Which os are you using?

I would recommend Twister OS unless you need 64bit support, as it is tweaked for graphics/video performance.

If you do need 64bit support, I've had some good experience with Manjaro ARM but you would probably have to compile obs from source on that as I doubt there is a aarch64 version of obs-studio on AUR


----------



## curyjorge98 (Dec 3, 2020)

I am using Ubuntu 20.10 arm64 on a Raspberry PI 4.

This is working for me:

Instead of calling obs in Terminal type this line:

"LIBGL_ALWAYS_SOFTWARE=1 obs"

This will activate OpenGL. I've found this hint on Youtube.

Good Luck.


----------



## curyjorge98 (Dec 3, 2020)

Well, this is the first part of the solution.

The second is to find a good configuration to record from youtube without choking, delay all the time... the output file is too bad.

For a while I'll use my I3 Notebook/Ubuntu.

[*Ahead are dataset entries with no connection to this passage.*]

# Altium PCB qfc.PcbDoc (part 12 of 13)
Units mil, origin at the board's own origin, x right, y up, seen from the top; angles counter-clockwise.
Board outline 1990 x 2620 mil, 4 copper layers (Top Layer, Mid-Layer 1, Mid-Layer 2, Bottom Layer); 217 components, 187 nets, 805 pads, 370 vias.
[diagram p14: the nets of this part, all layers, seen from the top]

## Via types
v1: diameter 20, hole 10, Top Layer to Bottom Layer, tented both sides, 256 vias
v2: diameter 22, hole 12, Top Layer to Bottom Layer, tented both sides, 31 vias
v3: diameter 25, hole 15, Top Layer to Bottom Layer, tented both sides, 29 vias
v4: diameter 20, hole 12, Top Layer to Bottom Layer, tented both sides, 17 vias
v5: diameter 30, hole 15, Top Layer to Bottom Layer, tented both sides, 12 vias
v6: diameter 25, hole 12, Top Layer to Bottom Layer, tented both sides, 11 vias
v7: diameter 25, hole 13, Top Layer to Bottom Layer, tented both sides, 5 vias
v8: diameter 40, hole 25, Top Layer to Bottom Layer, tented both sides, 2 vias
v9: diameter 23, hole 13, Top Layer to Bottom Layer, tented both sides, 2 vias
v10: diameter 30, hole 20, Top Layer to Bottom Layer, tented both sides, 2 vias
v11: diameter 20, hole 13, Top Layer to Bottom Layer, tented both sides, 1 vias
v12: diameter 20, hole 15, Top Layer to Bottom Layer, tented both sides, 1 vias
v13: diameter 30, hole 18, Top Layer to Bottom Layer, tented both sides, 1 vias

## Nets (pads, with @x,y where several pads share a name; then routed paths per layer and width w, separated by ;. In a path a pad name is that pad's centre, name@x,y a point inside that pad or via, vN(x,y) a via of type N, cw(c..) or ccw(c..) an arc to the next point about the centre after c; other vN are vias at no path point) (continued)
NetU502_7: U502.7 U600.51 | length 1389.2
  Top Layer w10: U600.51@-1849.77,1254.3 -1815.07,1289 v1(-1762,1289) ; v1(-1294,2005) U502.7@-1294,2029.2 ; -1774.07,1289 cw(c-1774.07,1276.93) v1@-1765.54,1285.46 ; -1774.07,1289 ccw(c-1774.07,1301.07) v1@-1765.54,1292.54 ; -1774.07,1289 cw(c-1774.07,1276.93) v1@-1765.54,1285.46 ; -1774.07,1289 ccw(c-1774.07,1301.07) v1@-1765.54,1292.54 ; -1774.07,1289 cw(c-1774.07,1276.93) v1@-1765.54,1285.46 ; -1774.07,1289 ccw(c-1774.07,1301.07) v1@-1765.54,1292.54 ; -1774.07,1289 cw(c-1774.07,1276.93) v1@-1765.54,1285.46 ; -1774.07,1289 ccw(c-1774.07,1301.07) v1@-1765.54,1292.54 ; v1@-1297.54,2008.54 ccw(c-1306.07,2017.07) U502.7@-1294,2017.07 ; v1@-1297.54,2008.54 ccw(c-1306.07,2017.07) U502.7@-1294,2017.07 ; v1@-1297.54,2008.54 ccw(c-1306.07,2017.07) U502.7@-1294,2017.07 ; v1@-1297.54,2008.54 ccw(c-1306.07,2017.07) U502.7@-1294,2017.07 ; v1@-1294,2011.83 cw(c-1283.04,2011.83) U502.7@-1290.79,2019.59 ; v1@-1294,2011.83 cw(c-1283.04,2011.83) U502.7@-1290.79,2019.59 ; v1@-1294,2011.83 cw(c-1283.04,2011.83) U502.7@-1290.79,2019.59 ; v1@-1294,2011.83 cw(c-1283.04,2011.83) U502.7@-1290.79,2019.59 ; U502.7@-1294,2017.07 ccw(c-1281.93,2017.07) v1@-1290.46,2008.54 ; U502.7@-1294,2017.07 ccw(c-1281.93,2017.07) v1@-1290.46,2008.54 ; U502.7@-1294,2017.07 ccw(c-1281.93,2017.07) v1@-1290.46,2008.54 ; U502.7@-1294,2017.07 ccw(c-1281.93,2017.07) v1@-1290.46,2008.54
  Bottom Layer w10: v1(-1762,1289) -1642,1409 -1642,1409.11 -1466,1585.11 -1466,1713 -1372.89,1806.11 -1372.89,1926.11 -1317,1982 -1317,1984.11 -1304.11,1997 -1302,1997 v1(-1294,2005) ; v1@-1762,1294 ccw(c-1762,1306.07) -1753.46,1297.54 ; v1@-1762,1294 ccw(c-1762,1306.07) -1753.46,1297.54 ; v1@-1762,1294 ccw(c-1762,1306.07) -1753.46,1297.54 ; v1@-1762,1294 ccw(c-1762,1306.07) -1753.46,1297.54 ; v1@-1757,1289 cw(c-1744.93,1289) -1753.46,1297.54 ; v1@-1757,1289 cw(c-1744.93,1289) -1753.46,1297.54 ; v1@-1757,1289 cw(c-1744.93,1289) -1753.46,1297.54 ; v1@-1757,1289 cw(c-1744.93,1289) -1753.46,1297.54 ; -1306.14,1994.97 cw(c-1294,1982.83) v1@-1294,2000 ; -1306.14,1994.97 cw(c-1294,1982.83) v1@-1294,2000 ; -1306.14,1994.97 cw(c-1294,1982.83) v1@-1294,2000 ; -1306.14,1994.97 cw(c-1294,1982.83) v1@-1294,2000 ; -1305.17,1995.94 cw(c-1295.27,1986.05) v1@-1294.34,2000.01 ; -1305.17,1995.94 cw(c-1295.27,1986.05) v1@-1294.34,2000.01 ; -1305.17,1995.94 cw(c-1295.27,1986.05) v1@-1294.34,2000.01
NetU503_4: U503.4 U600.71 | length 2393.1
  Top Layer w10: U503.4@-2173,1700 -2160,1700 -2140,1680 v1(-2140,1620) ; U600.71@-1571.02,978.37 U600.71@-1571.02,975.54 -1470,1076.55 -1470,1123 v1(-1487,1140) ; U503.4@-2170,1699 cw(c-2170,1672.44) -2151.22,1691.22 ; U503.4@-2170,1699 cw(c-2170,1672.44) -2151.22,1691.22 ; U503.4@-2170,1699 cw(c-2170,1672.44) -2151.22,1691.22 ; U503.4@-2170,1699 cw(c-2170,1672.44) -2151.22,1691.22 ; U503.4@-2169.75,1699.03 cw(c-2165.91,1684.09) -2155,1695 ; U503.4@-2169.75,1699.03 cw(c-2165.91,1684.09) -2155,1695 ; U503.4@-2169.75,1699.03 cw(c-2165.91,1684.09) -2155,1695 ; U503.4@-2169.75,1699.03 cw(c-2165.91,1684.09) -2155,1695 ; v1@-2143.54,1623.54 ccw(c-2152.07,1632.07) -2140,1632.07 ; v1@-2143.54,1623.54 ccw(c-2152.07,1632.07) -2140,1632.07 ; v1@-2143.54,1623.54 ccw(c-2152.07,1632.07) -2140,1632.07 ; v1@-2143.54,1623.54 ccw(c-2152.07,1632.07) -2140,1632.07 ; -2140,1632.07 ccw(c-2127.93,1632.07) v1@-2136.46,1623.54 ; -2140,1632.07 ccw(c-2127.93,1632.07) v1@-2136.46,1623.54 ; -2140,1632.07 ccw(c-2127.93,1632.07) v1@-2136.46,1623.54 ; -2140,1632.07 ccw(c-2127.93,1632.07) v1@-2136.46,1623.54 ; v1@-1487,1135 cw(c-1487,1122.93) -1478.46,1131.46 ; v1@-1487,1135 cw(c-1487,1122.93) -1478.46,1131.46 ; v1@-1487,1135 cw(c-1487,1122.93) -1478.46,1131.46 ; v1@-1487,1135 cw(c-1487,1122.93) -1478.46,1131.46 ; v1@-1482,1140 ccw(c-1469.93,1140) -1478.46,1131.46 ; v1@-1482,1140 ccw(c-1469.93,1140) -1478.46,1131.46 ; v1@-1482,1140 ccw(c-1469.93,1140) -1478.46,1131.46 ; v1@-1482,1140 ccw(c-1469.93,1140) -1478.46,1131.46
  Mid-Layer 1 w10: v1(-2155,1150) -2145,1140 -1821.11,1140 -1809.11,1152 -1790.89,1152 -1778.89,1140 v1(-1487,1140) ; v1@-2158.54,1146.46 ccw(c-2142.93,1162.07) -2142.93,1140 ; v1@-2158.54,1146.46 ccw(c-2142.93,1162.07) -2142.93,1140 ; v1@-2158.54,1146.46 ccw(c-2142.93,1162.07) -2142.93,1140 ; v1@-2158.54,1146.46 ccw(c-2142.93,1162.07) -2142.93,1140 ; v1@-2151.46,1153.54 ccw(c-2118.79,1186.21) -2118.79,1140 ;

If someone can suggest some... would be nice.

Thanks.


----------



## TomK (Dec 14, 2021)

I tried running OBS on Ubuntu 20.10 on Raspberry pi4 also and it just puked. I think I'll try Ubuntu 20.10 in a Virtual Box vm  on my Windows 10 machine and see if the same happens. The capture card is recognized in VLC but OBS doesn't like it on the pi4


----------